* [Material provided]
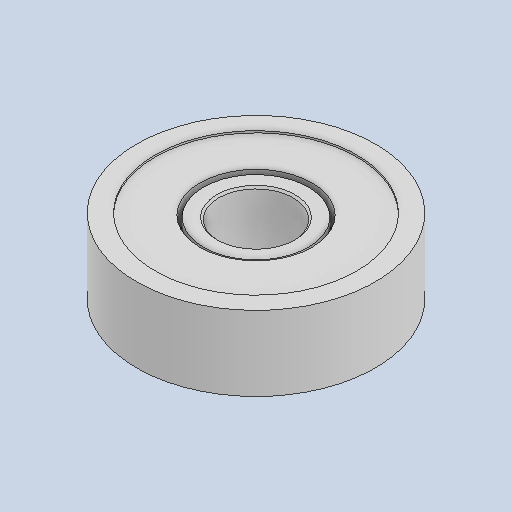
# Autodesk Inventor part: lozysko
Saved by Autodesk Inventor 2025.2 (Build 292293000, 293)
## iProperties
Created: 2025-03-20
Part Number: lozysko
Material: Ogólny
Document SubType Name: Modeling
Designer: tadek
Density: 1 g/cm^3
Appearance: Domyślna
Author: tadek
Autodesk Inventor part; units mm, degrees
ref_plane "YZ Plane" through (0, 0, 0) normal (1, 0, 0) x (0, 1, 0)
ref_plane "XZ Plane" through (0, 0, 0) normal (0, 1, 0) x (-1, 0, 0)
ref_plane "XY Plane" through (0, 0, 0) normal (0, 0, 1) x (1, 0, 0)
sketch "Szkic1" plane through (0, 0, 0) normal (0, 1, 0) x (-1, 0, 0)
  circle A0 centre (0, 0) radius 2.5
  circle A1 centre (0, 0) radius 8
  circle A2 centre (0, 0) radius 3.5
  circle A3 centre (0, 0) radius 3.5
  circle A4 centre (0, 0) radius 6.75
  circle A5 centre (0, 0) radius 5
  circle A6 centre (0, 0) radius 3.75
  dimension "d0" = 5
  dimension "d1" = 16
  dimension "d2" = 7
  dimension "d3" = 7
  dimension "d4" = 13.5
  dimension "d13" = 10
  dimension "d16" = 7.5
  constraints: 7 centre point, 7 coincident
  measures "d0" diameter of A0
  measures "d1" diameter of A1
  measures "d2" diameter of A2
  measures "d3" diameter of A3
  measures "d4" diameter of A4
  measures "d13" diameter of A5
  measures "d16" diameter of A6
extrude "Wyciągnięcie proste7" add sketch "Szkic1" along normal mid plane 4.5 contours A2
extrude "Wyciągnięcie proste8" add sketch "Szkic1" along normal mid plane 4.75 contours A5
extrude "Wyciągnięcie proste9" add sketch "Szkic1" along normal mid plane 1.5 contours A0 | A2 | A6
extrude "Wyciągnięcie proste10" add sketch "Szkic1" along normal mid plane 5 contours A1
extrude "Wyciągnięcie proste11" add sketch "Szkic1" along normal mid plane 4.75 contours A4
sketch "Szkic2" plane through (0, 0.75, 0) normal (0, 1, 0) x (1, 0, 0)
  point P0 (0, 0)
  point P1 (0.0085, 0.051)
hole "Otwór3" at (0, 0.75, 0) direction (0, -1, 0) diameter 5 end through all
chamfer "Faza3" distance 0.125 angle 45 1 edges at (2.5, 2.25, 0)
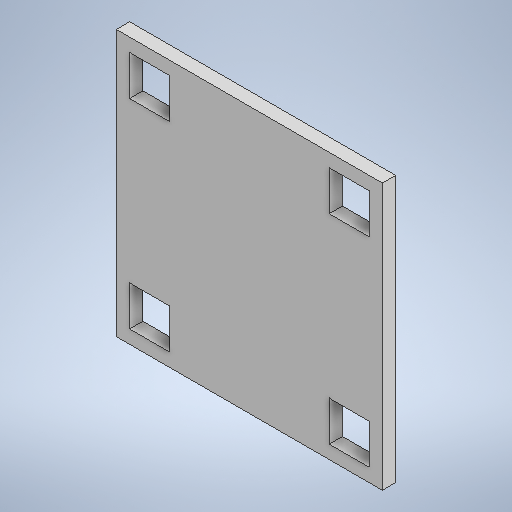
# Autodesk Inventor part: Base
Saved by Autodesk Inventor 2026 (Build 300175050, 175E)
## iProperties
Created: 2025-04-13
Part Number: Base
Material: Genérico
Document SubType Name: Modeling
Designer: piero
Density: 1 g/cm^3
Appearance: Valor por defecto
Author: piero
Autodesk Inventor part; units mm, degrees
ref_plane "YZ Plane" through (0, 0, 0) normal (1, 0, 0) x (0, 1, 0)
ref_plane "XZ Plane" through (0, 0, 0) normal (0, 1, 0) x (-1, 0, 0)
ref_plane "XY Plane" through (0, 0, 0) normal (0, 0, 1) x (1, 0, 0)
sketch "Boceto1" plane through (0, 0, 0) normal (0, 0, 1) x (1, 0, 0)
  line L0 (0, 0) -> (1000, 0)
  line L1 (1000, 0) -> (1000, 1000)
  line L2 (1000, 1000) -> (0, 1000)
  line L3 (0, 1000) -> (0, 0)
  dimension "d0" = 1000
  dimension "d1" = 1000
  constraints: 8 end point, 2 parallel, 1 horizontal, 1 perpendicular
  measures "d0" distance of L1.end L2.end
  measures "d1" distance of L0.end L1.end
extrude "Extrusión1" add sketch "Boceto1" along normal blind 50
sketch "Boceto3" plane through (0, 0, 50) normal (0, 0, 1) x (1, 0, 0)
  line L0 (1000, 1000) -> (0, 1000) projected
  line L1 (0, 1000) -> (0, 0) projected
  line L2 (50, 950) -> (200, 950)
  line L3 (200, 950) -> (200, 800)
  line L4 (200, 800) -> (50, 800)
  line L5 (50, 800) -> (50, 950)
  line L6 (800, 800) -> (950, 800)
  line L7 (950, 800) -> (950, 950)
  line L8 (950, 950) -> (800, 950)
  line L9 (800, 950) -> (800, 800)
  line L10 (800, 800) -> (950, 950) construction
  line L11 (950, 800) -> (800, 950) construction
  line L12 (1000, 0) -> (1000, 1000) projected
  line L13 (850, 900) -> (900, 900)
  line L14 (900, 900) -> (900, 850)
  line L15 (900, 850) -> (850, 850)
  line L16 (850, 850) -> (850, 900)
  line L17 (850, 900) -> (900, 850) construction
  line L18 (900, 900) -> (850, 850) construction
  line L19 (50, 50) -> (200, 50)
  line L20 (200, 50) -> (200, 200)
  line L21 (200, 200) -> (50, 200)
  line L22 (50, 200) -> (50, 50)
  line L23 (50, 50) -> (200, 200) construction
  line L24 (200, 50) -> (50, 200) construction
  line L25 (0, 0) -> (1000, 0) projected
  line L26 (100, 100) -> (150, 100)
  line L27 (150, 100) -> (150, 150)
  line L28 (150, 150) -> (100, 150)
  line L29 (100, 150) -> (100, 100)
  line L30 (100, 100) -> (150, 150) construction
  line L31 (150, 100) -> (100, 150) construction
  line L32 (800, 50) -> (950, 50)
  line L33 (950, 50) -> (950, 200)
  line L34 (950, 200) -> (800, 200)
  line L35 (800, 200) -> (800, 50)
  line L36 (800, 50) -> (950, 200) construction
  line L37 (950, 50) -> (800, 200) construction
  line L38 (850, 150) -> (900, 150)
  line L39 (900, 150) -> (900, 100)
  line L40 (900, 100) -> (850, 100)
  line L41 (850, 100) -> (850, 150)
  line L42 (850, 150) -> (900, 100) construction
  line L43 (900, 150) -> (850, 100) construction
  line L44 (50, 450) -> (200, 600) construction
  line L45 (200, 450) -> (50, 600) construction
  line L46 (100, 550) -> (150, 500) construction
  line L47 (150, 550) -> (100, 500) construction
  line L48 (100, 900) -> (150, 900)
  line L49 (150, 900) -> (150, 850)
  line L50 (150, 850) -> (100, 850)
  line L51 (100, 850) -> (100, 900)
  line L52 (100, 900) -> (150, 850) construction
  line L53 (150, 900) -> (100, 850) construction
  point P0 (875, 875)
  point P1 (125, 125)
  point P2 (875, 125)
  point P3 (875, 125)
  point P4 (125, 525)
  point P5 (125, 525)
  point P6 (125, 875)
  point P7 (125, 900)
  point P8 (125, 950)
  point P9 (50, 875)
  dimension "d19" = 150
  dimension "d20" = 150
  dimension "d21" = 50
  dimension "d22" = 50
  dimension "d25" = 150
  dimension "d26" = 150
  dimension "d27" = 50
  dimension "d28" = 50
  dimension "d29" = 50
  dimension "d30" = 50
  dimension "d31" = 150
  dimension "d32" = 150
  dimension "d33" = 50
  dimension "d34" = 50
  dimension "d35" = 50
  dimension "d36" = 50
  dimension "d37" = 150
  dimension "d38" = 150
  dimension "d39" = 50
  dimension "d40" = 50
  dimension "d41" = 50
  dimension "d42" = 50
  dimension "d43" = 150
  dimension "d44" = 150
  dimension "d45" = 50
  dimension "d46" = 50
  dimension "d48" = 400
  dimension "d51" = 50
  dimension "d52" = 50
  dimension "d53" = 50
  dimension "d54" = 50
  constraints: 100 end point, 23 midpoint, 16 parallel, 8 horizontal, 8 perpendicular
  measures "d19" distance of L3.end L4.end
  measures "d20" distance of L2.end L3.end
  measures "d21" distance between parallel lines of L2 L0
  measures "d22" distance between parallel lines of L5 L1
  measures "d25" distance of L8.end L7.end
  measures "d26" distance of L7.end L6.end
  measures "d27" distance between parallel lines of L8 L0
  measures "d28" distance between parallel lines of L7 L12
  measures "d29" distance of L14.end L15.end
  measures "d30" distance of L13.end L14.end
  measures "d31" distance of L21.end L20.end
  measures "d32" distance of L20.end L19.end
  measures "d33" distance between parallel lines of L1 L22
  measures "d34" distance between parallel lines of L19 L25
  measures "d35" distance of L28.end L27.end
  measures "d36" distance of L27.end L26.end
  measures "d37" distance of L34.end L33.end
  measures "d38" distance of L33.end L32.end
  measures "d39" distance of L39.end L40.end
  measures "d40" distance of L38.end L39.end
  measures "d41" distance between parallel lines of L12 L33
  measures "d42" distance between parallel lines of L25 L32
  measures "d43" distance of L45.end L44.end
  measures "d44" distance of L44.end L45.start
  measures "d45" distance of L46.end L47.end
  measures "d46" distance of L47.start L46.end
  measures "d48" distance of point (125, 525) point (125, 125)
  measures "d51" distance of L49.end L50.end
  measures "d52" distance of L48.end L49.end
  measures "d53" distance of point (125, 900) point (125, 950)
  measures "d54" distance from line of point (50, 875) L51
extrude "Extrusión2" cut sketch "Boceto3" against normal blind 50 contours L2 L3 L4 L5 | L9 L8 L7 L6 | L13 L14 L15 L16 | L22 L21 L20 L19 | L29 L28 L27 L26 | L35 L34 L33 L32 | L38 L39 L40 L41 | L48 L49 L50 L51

* [Exercise] Pick every line containing the word "contours" out of the material, and copy those lines.

* [Exercise result]
extrude "Wyciągnięcie proste7" add sketch "Szkic1" along normal mid plane 4.5 contours A2
extrude "Wyciągnięcie proste8" add sketch "Szkic1" along normal mid plane 4.75 contours A5
extrude "Wyciągnięcie proste9" add sketch "Szkic1" along normal mid plane 1.5 contours A0 | A2 | A6
extrude "Wyciągnięcie proste10" add sketch "Szkic1" along normal mid plane 5 contours A1
extrude "Wyciągnięcie proste11" add sketch "Szkic1" along normal mid plane 4.75 contours A4
extrude "Extrusión2" cut sketch "Boceto3" against normal blind 50 contours L2 L3 L4 L5 | L9 L8 L7 L6 | L13 L14 L15 L16 | L22 L21 L20 L19 | L29 L28 L27 L26 | L35 L34 L33 L32 | L38 L39 L40 L41 | L48 L49 L50 L51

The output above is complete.